Figure Description: Figure 3 shows the major flows of electricity exported from Canadian provinces to five U.S. geographical regions (gross exports):  the West, Midwest, and the East, which is further divided up into the PJM (Pennsylvania-New Jersey-Maryland) Interconnection, the NYISO (New York Independent System Operator) and the ISO-NE (the Independent System Operator of New England). The left side of the figure shows the provinces that exported (sold) electricity to the U.S. The right side shows the U.S. region that imported (purchased) those electricity volumes.

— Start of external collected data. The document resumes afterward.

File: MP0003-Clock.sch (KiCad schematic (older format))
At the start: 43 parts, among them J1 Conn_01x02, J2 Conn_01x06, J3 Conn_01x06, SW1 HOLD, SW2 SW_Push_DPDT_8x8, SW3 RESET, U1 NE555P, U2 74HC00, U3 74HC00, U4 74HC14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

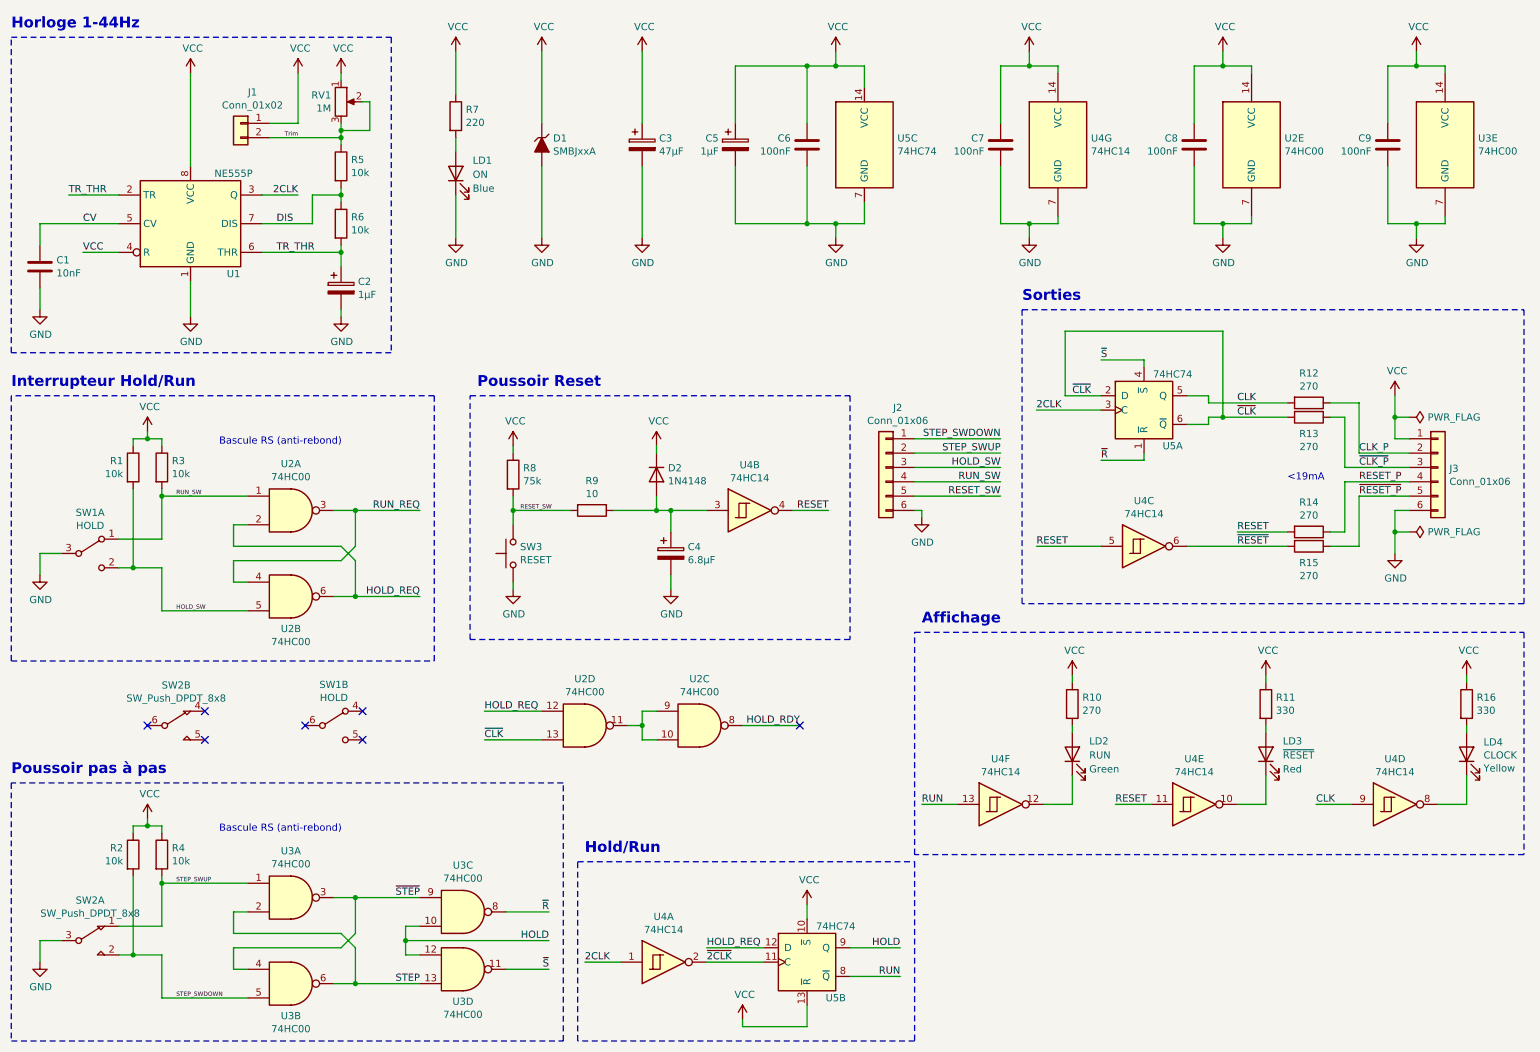
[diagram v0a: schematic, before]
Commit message: Ajout dun fusible réarmable, correction bug basculement mode RUM/HOLD Montage testé et validé sur breadboard. Mesures validées à l'analyseur logique
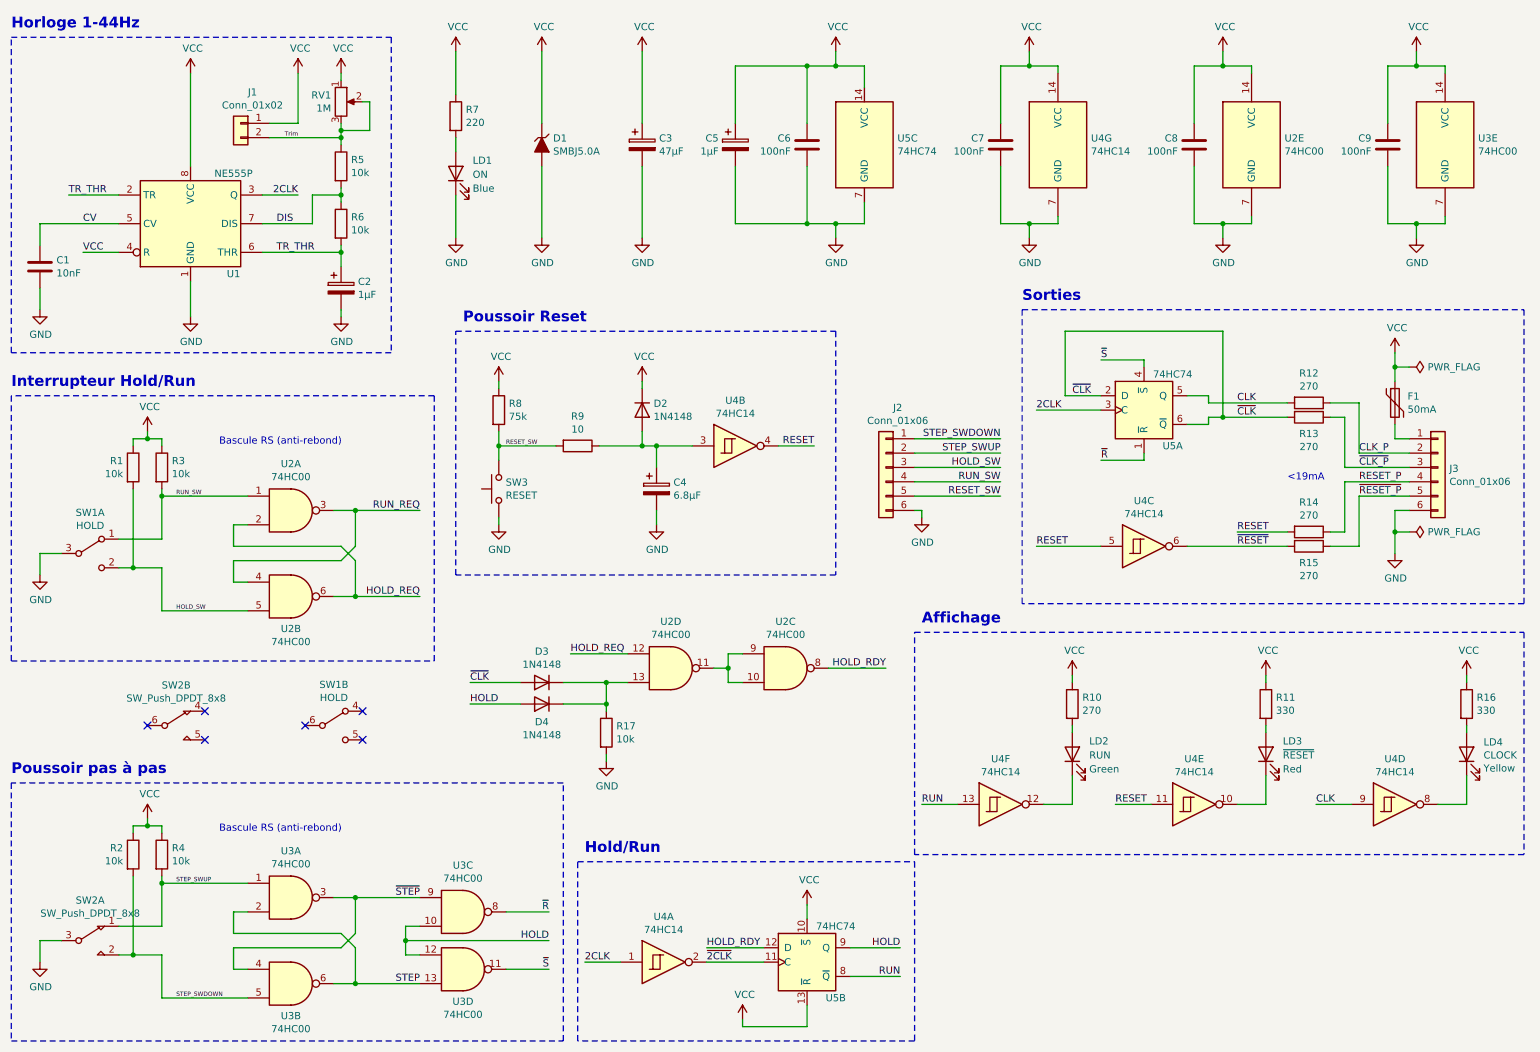
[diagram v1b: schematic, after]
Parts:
- added D3, D4: 1N4148, Diode_THT:D_DO-35_SOD27_P7.62mm_Horizontal, symbol Diode:1N4148
- added F1: 50mA, ValTronix:Fuse_Bourns_CMF-RL1, symbol ValTronix:CMF-RL50A
- added R17: 10k, symbol Device:R
- D1: value SMBJxxA -> SMBJ5.0A
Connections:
- net GND: now also R17.2
- net HOLD: now also D4.2 (A)
- net HOLD_RDY: now also U5.12 (D)
- net HOLD_REQ: no longer U5.12 (D)
- net VCC: now also F1.1; no longer J3.1 (Pin_1)
- net ~CLK: now also D3.2 (A); no longer U2.13
- new net: F1.2, J3.1 (Pin_1)
- new net: D3.1 (K), D4.1 (K), R17.1, U2.13
- no-connect marks 7 -> 6
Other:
- moved on the sheet: C4, D2, R8, R9, SW3, U2C, U2D, U4B

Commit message: Passage à la version 1.0 du plan. Ajout d'un jumper pour utiliser une source externe d'horloge et ajout d'un polyswitch en sécurité. Testé et validé sur breadbord et proto. Note: pas de PCB.
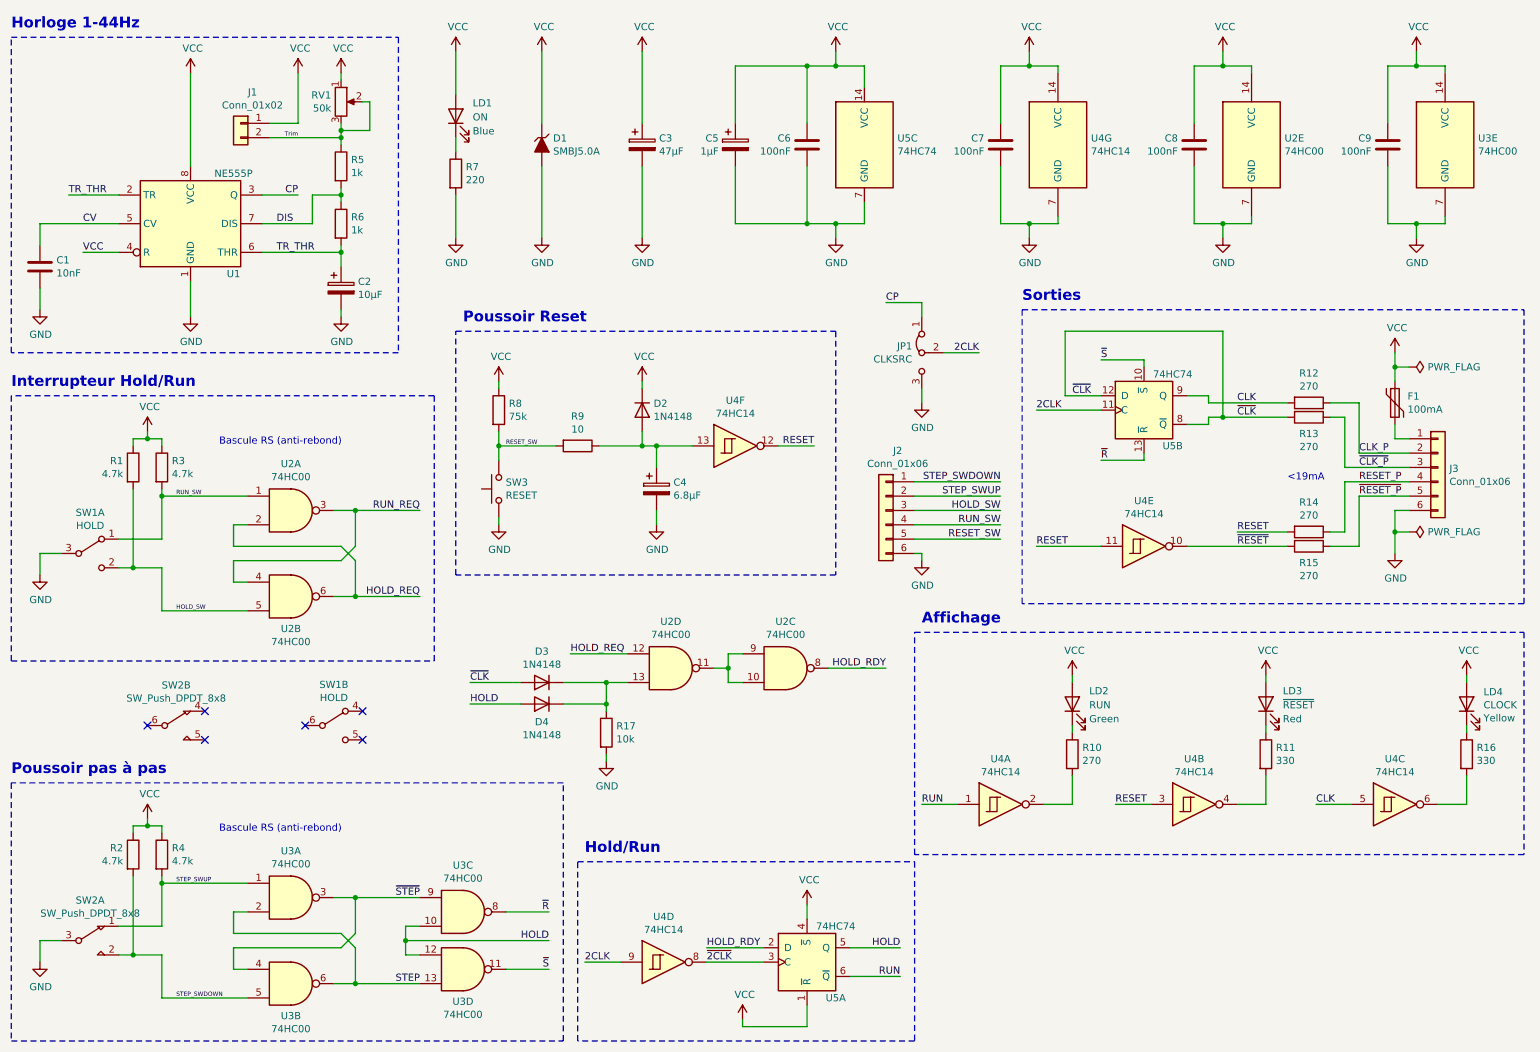
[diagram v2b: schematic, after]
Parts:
- added JP1: CLKSRC, symbol Jumper:Jumper_3_Bridged12
- C2: value 1µF -> 10µF
- F1: value 50mA -> 100mA
- R1, R2, R3, R4: value 10k -> 4.7k
- R5, R6: value 10k -> 1k
- RV1: value 1M -> 50k
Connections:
- net 2CLK: now also U4.9, U5.11 (C), JP1.2 (C); no longer U1.3 (Q), U4.1, U5.3 (C)
- net CLK: now also U4.5, U5.9 (Q); no longer U4.9, U5.5 (Q)
- net GND: now also R7.2, JP1.3 (B); no longer LD1.1 (K)
- net HOLD: now also U5.5 (Q); no longer U5.9 (Q)
- net HOLD_RDY: now also U5.2 (D); no longer U5.12 (D)
- net RESET: now also U4.11, U4.12, U4.3; no longer U4.11, U4.4, U4.5
- net RUN: now also U4.1, U5.6 (~Q); no longer U4.13, U5.8 (~Q)
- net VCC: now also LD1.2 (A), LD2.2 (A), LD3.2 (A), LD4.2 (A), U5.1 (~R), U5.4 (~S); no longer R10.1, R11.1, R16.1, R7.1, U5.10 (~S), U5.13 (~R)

In 2019, the following regions received Canada’s exported electricity:

  • the U.S. West received 12%
  • the U.S. Midwest received 29%
  • the PJM region, in the east, received nearly 0%
  • the ISO-NE region, in the east, received 31%
  • the NYISO region, in the east, received 28%

The U.S. Northeast, a relatively small region buys the majority of Canadian exports, the bulk of which is shared between the ISO-NE and NYISO markets. This is due to Quebec’s relatively cheap and abundant hydroelectric resources, and is facilitated by the extensive grid interconnection that exists between these regions.

Prices

Figure 4 shows the average export and import prices since 2010. The Canadian monthly weighted average export price peaked in January 2014 at $87.23 per MW.h. The Canadian monthly weighted average import price peaked in January 2014 at $99.05 MW.h. Seasonal price volatility and weather patterns in some years affected certain prices more significantly than others. 

Figure 4: Monthly Electricity Trade Prices

Source and Description

Source: CER Commodity Tracking System Statistics as of March 2020 Table 1 – Exports and Imports of Electricity Summary

Figure Description: This figure shows the average export and import prices from 2010 to 2019 for all of Canada and by region. The ‘West’ includes British Columbia, Alberta, Saskatchewan, and Manitoba. The ‘East’ includes Ontario, Quebec, Newfoundland and Labrador, New Brunswick, and Nova Scotia. Canadian electricity exports prices peaked in January 2014, when they reached $87.23/MW.h., and import prices peaked at the same time reaching $99.05/MW.h. In 2019, export prices ranged from $31.57/MW.h and $59.13/MW.h. Import prices in 2019 ranged from $24.25/MW.h to $93.09/MW.h.